─── STORED DATA ───
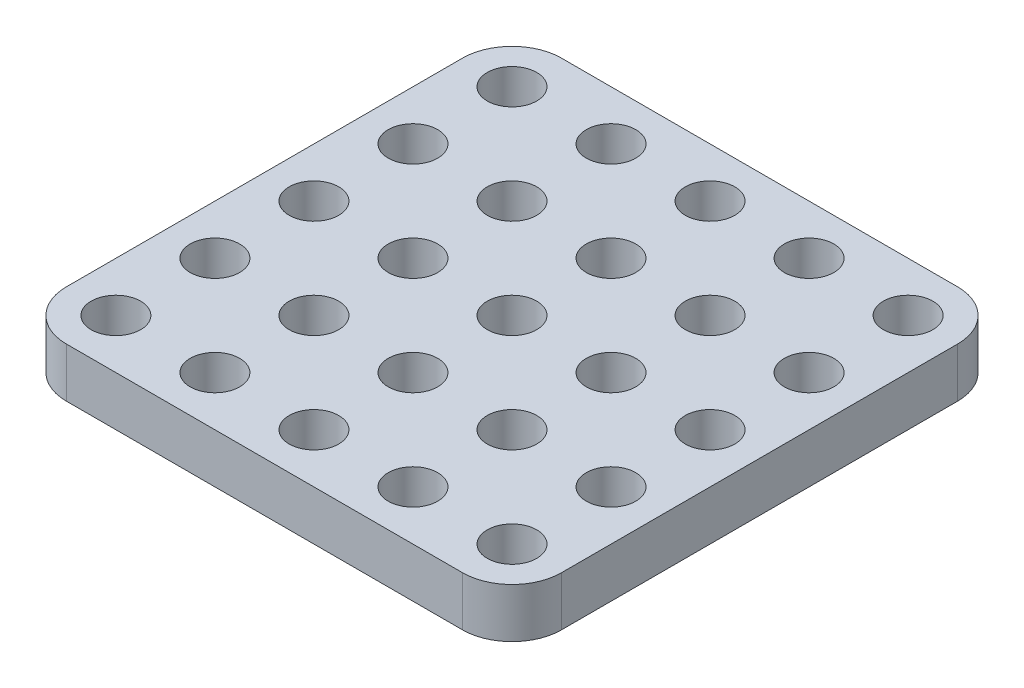
ISO-10303-21;
HEADER;
FILE_DESCRIPTION(('STEP AP214'),'2;1');
FILE_NAME('part.step','',(''),(''),'','','');
FILE_SCHEMA(('AUTOMOTIVE_DESIGN { 1 0 10303 214 1 1 1 1 }'));
ENDSEC;
DATA;
#1=APPLICATION_CONTEXT('core data for automotive mechanical design processes');
#2=APPLICATION_PROTOCOL_DEFINITION('international standard','automotive_design',2000,#1);
#3=PRODUCT_CONTEXT('',#1,'mechanical');
#4=PRODUCT('Part','Part','',(#3));
#5=PRODUCT_RELATED_PRODUCT_CATEGORY('part','',(#4));
#6=PRODUCT_DEFINITION_FORMATION('','',#4);
#7=PRODUCT_DEFINITION_CONTEXT('part definition',#1,'design');
#8=PRODUCT_DEFINITION('design','',#6,#7);
#9=PRODUCT_DEFINITION_SHAPE('','',#8);
#10=(LENGTH_UNIT() NAMED_UNIT(*) SI_UNIT(.MILLI.,.METRE.));
#11=(NAMED_UNIT(*) PLANE_ANGLE_UNIT() SI_UNIT($,.RADIAN.));
#12=(NAMED_UNIT(*) SI_UNIT($,.STERADIAN.) SOLID_ANGLE_UNIT());
#13=UNCERTAINTY_MEASURE_WITH_UNIT(LENGTH_MEASURE(1.E-05),#10,'distance_accuracy_value','');
#14=(GEOMETRIC_REPRESENTATION_CONTEXT(3) GLOBAL_UNCERTAINTY_ASSIGNED_CONTEXT((#13)) GLOBAL_UNIT_ASSIGNED_CONTEXT((#10,
#11,#12)) REPRESENTATION_CONTEXT('',''));
#15=CARTESIAN_POINT('',(0.,0.,0.));
#16=DIRECTION('',(0.,0.,1.));
#17=DIRECTION('',(1.,0.,0.));
#18=AXIS2_PLACEMENT_3D('',#15,#16,#17);
#19=CARTESIAN_POINT('',(20.,5.,-20.));
#20=DIRECTION('',(0.,-1.,0.));
#21=DIRECTION('',(0.,0.,-1.));
#22=AXIS2_PLACEMENT_3D('',#19,#20,#21);
#23=PLANE('',#22);
#24=CARTESIAN_POINT('',(20.,5.,-20.));
#25=DIRECTION('',(0.,1.,0.));
#26=DIRECTION('',(0.,0.,-1.));
#27=AXIS2_PLACEMENT_3D('',#24,#25,#26);
#28=CIRCLE('',#27,5.);
#29=CARTESIAN_POINT('',(25.,5.,-20.));
#30=VERTEX_POINT('',#29);
#31=CARTESIAN_POINT('',(20.,5.,-25.));
#32=VERTEX_POINT('',#31);
#33=EDGE_CURVE('E145',#30,#32,#28,.T.);
#34=ORIENTED_EDGE('',*,*,#33,.T.);
#35=DIRECTION('',(-1.,0.,0.));
#36=VECTOR('',#35,1.);
#37=CARTESIAN_POINT('',(20.,5.,-25.));
#38=LINE('',#37,#36);
#39=CARTESIAN_POINT('',(-20.,5.,-25.));
#40=VERTEX_POINT('',#39);
#41=EDGE_CURVE('E93',#32,#40,#38,.T.);
#42=ORIENTED_EDGE('',*,*,#41,.T.);
#43=CARTESIAN_POINT('',(-20.,5.,-20.));
#44=DIRECTION('',(0.,1.,0.));
#45=DIRECTION('',(0.,0.,-1.));
#46=AXIS2_PLACEMENT_3D('',#43,#44,#45);
#47=CIRCLE('',#46,5.);
#48=CARTESIAN_POINT('',(-25.,5.,-20.));
#49=VERTEX_POINT('',#48);
#50=EDGE_CURVE('E160',#40,#49,#47,.T.);
#51=ORIENTED_EDGE('',*,*,#50,.T.);
#52=DIRECTION('',(0.,0.,1.));
#53=VECTOR('',#52,1.);
#54=CARTESIAN_POINT('',(-25.,5.,20.));
#55=LINE('',#54,#53);
#56=CARTESIAN_POINT('',(-25.,5.,20.));
#57=VERTEX_POINT('',#56);
#58=EDGE_CURVE('E173',#49,#57,#55,.T.);
#59=ORIENTED_EDGE('',*,*,#58,.T.);
#60=CARTESIAN_POINT('',(-20.,5.,20.));
#61=DIRECTION('',(0.,1.,0.));
#62=DIRECTION('',(0.,0.,-1.));
#63=AXIS2_PLACEMENT_3D('',#60,#61,#62);
#64=CIRCLE('',#63,5.);
#65=CARTESIAN_POINT('',(-20.,5.,25.));
#66=VERTEX_POINT('',#65);
#67=EDGE_CURVE('E112',#57,#66,#64,.T.);
#68=ORIENTED_EDGE('',*,*,#67,.T.);
#69=DIRECTION('',(1.,0.,0.));
#70=VECTOR('',#69,1.);
#71=CARTESIAN_POINT('',(20.,5.,25.));
#72=LINE('',#71,#70);
#73=CARTESIAN_POINT('',(20.,5.,25.));
#74=VERTEX_POINT('',#73);
#75=EDGE_CURVE('E106',#66,#74,#72,.T.);
#76=ORIENTED_EDGE('',*,*,#75,.T.);
#77=CARTESIAN_POINT('',(20.,5.,20.));
#78=DIRECTION('',(0.,1.,0.));
#79=DIRECTION('',(0.,0.,-1.));
#80=AXIS2_PLACEMENT_3D('',#77,#78,#79);
#81=CIRCLE('',#80,5.);
#82=CARTESIAN_POINT('',(25.,5.,20.));
#83=VERTEX_POINT('',#82);
#84=EDGE_CURVE('E110',#74,#83,#81,.T.);
#85=ORIENTED_EDGE('',*,*,#84,.T.);
#86=DIRECTION('',(0.,0.,-1.));
#87=VECTOR('',#86,1.);
#88=CARTESIAN_POINT('',(25.,5.,20.));
#89=LINE('',#88,#87);
#90=EDGE_CURVE('E50',#83,#30,#89,.T.);
#91=ORIENTED_EDGE('',*,*,#90,.T.);
#92=EDGE_LOOP('',(#34,#42,#51,#59,#68,#76,#85,#91));
#93=FACE_BOUND('',#92,.T.);
#94=CARTESIAN_POINT('',(-20.,5.,-20.));
#95=DIRECTION('',(0.,1.,0.));
#96=DIRECTION('',(0.,0.,1.));
#97=AXIS2_PLACEMENT_3D('',#94,#95,#96);
#98=CIRCLE('',#97,2.5);
#99=CARTESIAN_POINT('',(-20.,5.,-17.5));
#100=VERTEX_POINT('',#99);
#101=EDGE_CURVE('E134',#100,#100,#98,.T.);
#102=ORIENTED_EDGE('',*,*,#101,.F.);
#103=EDGE_LOOP('',(#102));
#104=FACE_BOUND('',#103,.T.);
#105=CARTESIAN_POINT('',(-10.,5.,-20.0000000000001));
#106=DIRECTION('',(0.,1.,0.));
#107=DIRECTION('',(0.,0.,1.));
#108=AXIS2_PLACEMENT_3D('',#105,#106,#107);
#109=CIRCLE('',#108,2.5);
#110=CARTESIAN_POINT('',(-10.,5.,-17.5000000000001));
#111=VERTEX_POINT('',#110);
#112=EDGE_CURVE('E182',#111,#111,#109,.T.);
#113=ORIENTED_EDGE('',*,*,#112,.F.);
#114=EDGE_LOOP('',(#113));
#115=FACE_BOUND('',#114,.T.);
#116=CARTESIAN_POINT('',(0.,5.,-20.0000000000003));
#117=DIRECTION('',(0.,1.,0.));
#118=DIRECTION('',(0.,0.,1.));
#119=AXIS2_PLACEMENT_3D('',#116,#117,#118);
#120=CIRCLE('',#119,2.5);
#121=CARTESIAN_POINT('',(0.,5.,-17.5000000000003));
#122=VERTEX_POINT('',#121);
#123=EDGE_CURVE('E188',#122,#122,#120,.T.);
#124=ORIENTED_EDGE('',*,*,#123,.F.);
#125=EDGE_LOOP('',(#124));
#126=FACE_BOUND('',#125,.T.);
#127=CARTESIAN_POINT('',(9.99999999999999,5.,-20.0000000000004));
#128=DIRECTION('',(0.,1.,0.));
#129=DIRECTION('',(0.,0.,1.));
#130=AXIS2_PLACEMENT_3D('',#127,#128,#129);
#131=CIRCLE('',#130,2.5);
#132=CARTESIAN_POINT('',(9.99999999999999,5.,-17.5000000000004));
#133=VERTEX_POINT('',#132);
#134=EDGE_CURVE('E194',#133,#133,#131,.T.);
#135=ORIENTED_EDGE('',*,*,#134,.F.);
#136=EDGE_LOOP('',(#135));
#137=FACE_BOUND('',#136,.T.);
#138=CARTESIAN_POINT('',(20.,5.,-20.0000000000006));
#139=DIRECTION('',(0.,1.,0.));
#140=DIRECTION('',(0.,0.,1.));
#141=AXIS2_PLACEMENT_3D('',#138,#139,#140);
#142=CIRCLE('',#141,2.5);
#143=CARTESIAN_POINT('',(20.,5.,-17.5000000000006));
#144=VERTEX_POINT('',#143);
#145=EDGE_CURVE('E200',#144,#144,#142,.T.);
#146=ORIENTED_EDGE('',*,*,#145,.F.);
#147=EDGE_LOOP('',(#146));
#148=FACE_BOUND('',#147,.T.);
#149=CARTESIAN_POINT('',(-9.9999999999999,5.,-10.0000000000001));
#150=DIRECTION('',(0.,1.,0.));
#151=DIRECTION('',(0.,0.,1.));
#152=AXIS2_PLACEMENT_3D('',#149,#150,#151);
#153=CIRCLE('',#152,2.5);
#154=CARTESIAN_POINT('',(-9.9999999999999,5.,-7.50000000000014));
#155=VERTEX_POINT('',#154);
#156=EDGE_CURVE('E206',#155,#155,#153,.T.);
#157=ORIENTED_EDGE('',*,*,#156,.F.);
#158=EDGE_LOOP('',(#157));
#159=FACE_BOUND('',#158,.T.);
#160=CARTESIAN_POINT('',(0.,5.,-10.0000000000003));
#161=DIRECTION('',(0.,1.,0.));
#162=DIRECTION('',(0.,0.,1.));
#163=AXIS2_PLACEMENT_3D('',#160,#161,#162);
#164=CIRCLE('',#163,2.5);
#165=CARTESIAN_POINT('',(0.,5.,-7.50000000000028));
#166=VERTEX_POINT('',#165);
#167=EDGE_CURVE('E212',#166,#166,#164,.T.);
#168=ORIENTED_EDGE('',*,*,#167,.F.);
#169=EDGE_LOOP('',(#168));
#170=FACE_BOUND('',#169,.T.);
#171=CARTESIAN_POINT('',(10.0000000000001,5.,-10.0000000000004));
#172=DIRECTION('',(0.,1.,0.));
#173=DIRECTION('',(0.,0.,1.));
#174=AXIS2_PLACEMENT_3D('',#171,#172,#173);
#175=CIRCLE('',#174,2.5);
#176=CARTESIAN_POINT('',(10.0000000000001,5.,-7.50000000000042));
#177=VERTEX_POINT('',#176);
#178=EDGE_CURVE('E218',#177,#177,#175,.T.);
#179=ORIENTED_EDGE('',*,*,#178,.F.);
#180=EDGE_LOOP('',(#179));
#181=FACE_BOUND('',#180,.T.);
#182=CARTESIAN_POINT('',(20.0000000000001,5.,-10.0000000000006));
#183=DIRECTION('',(0.,1.,0.));
#184=DIRECTION('',(0.,0.,1.));
#185=AXIS2_PLACEMENT_3D('',#182,#183,#184);
#186=CIRCLE('',#185,2.5);
#187=CARTESIAN_POINT('',(20.0000000000001,5.,-7.50000000000056));
#188=VERTEX_POINT('',#187);
#189=EDGE_CURVE('E224',#188,#188,#186,.T.);
#190=ORIENTED_EDGE('',*,*,#189,.F.);
#191=EDGE_LOOP('',(#190));
#192=FACE_BOUND('',#191,.T.);
#193=CARTESIAN_POINT('',(-9.99999999999979,5.,-1.42247325030098E-13));
#194=DIRECTION('',(0.,1.,0.));
#195=DIRECTION('',(0.,0.,1.));
#196=AXIS2_PLACEMENT_3D('',#193,#194,#195);
#197=CIRCLE('',#196,2.5);
#198=CARTESIAN_POINT('',(-9.99999999999979,5.,2.49999999999986));
#199=VERTEX_POINT('',#198);
#200=EDGE_CURVE('E230',#199,#199,#197,.T.);
#201=ORIENTED_EDGE('',*,*,#200,.F.);
#202=EDGE_LOOP('',(#201));
#203=FACE_BOUND('',#202,.T.);
#204=CARTESIAN_POINT('',(2.0122792321331E-13,5.,-2.84494650060196E-13));
#205=DIRECTION('',(0.,1.,0.));
#206=DIRECTION('',(0.,0.,1.));
#207=AXIS2_PLACEMENT_3D('',#204,#205,#206);
#208=CIRCLE('',#207,2.5);
#209=CARTESIAN_POINT('',(2.0122792321331E-13,5.,2.49999999999972));
#210=VERTEX_POINT('',#209);
#211=EDGE_CURVE('E236',#210,#210,#208,.T.);
#212=ORIENTED_EDGE('',*,*,#211,.F.);
#213=EDGE_LOOP('',(#212));
#214=FACE_BOUND('',#213,.T.);
#215=CARTESIAN_POINT('',(10.0000000000002,5.,-4.23272528138341E-13));
#216=DIRECTION('',(0.,1.,0.));
#217=DIRECTION('',(0.,0.,1.));
#218=AXIS2_PLACEMENT_3D('',#215,#216,#217);
#219=CIRCLE('',#218,2.5);
#220=CARTESIAN_POINT('',(10.0000000000002,5.,2.49999999999958));
#221=VERTEX_POINT('',#220);
#222=EDGE_CURVE('E242',#221,#221,#219,.T.);
#223=ORIENTED_EDGE('',*,*,#222,.F.);
#224=EDGE_LOOP('',(#223));
#225=FACE_BOUND('',#224,.T.);
#226=CARTESIAN_POINT('',(20.0000000000002,5.,-5.62050406216485E-13));
#227=DIRECTION('',(0.,1.,0.));
#228=DIRECTION('',(0.,0.,1.));
#229=AXIS2_PLACEMENT_3D('',#226,#227,#228);
#230=CIRCLE('',#229,2.5);
#231=CARTESIAN_POINT('',(20.0000000000002,5.,2.49999999999944));
#232=VERTEX_POINT('',#231);
#233=EDGE_CURVE('E248',#232,#232,#230,.T.);
#234=ORIENTED_EDGE('',*,*,#233,.F.);
#235=EDGE_LOOP('',(#234));
#236=FACE_BOUND('',#235,.T.);
#237=CARTESIAN_POINT('',(-9.99999999999969,5.,9.99999999999986));
#238=DIRECTION('',(0.,1.,0.));
#239=DIRECTION('',(0.,0.,1.));
#240=AXIS2_PLACEMENT_3D('',#237,#238,#239);
#241=CIRCLE('',#240,2.5);
#242=CARTESIAN_POINT('',(-9.99999999999969,5.,12.4999999999999));
#243=VERTEX_POINT('',#242);
#244=EDGE_CURVE('E254',#243,#243,#241,.T.);
#245=ORIENTED_EDGE('',*,*,#244,.F.);
#246=EDGE_LOOP('',(#245));
#247=FACE_BOUND('',#246,.T.);
#248=CARTESIAN_POINT('',(3.08780778723872E-13,5.,9.99999999999971));
#249=DIRECTION('',(0.,1.,0.));
#250=DIRECTION('',(0.,0.,1.));
#251=AXIS2_PLACEMENT_3D('',#248,#249,#250);
#252=CIRCLE('',#251,2.5);
#253=CARTESIAN_POINT('',(3.08780778723872E-13,5.,12.4999999999997));
#254=VERTEX_POINT('',#253);
#255=EDGE_CURVE('E260',#254,#254,#252,.T.);
#256=ORIENTED_EDGE('',*,*,#255,.F.);
#257=EDGE_LOOP('',(#256));
#258=FACE_BOUND('',#257,.T.);
#259=CARTESIAN_POINT('',(10.0000000000003,5.,9.99999999999958));
#260=DIRECTION('',(0.,1.,0.));
#261=DIRECTION('',(0.,0.,1.));
#262=AXIS2_PLACEMENT_3D('',#259,#260,#261);
#263=CIRCLE('',#262,2.5);
#264=CARTESIAN_POINT('',(10.0000000000003,5.,12.4999999999996));
#265=VERTEX_POINT('',#264);
#266=EDGE_CURVE('E266',#265,#265,#263,.T.);
#267=ORIENTED_EDGE('',*,*,#266,.F.);
#268=EDGE_LOOP('',(#267));
#269=FACE_BOUND('',#268,.T.);
#270=CARTESIAN_POINT('',(20.0000000000003,5.,9.99999999999944));
#271=DIRECTION('',(0.,1.,0.));
#272=DIRECTION('',(0.,0.,1.));
#273=AXIS2_PLACEMENT_3D('',#270,#271,#272);
#274=CIRCLE('',#273,2.5);
#275=CARTESIAN_POINT('',(20.0000000000003,5.,12.4999999999994));
#276=VERTEX_POINT('',#275);
#277=EDGE_CURVE('E272',#276,#276,#274,.T.);
#278=ORIENTED_EDGE('',*,*,#277,.F.);
#279=EDGE_LOOP('',(#278));
#280=FACE_BOUND('',#279,.T.);
#281=CARTESIAN_POINT('',(-9.99999999999958,5.,19.9999999999999));
#282=DIRECTION('',(0.,1.,0.));
#283=DIRECTION('',(0.,0.,1.));
#284=AXIS2_PLACEMENT_3D('',#281,#282,#283);
#285=CIRCLE('',#284,2.5);
#286=CARTESIAN_POINT('',(-9.99999999999958,5.,22.4999999999999));
#287=VERTEX_POINT('',#286);
#288=EDGE_CURVE('E278',#287,#287,#285,.T.);
#289=ORIENTED_EDGE('',*,*,#288,.F.);
#290=EDGE_LOOP('',(#289));
#291=FACE_BOUND('',#290,.T.);
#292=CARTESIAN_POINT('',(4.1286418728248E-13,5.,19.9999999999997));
───
### YOUR TASK
Above are the lines; repeat exactly the ones from the line containing "#98=CIRCLE('',#97,2.5);" down to the line containing "#119=AXIS2_PLACEMENT_3D('',#116,#117,#118);", both inclusive.

### WRITTEN ANSWER
#98=CIRCLE('',#97,2.5);
#99=CARTESIAN_POINT('',(-20.,5.,-17.5));
#100=VERTEX_POINT('',#99);
#101=EDGE_CURVE('E134',#100,#100,#98,.T.);
#102=ORIENTED_EDGE('',*,*,#101,.F.);
#103=EDGE_LOOP('',(#102));
#104=FACE_BOUND('',#103,.T.);
#105=CARTESIAN_POINT('',(-10.,5.,-20.0000000000001));
#106=DIRECTION('',(0.,1.,0.));
#107=DIRECTION('',(0.,0.,1.));
#108=AXIS2_PLACEMENT_3D('',#105,#106,#107);
#109=CIRCLE('',#108,2.5);
#110=CARTESIAN_POINT('',(-10.,5.,-17.5000000000001));
#111=VERTEX_POINT('',#110);
#112=EDGE_CURVE('E182',#111,#111,#109,.T.);
#113=ORIENTED_EDGE('',*,*,#112,.F.);
#114=EDGE_LOOP('',(#113));
#115=FACE_BOUND('',#114,.T.);
#116=CARTESIAN_POINT('',(0.,5.,-20.0000000000003));
#117=DIRECTION('',(0.,1.,0.));
#118=DIRECTION('',(0.,0.,1.));
#119=AXIS2_PLACEMENT_3D('',#116,#117,#118);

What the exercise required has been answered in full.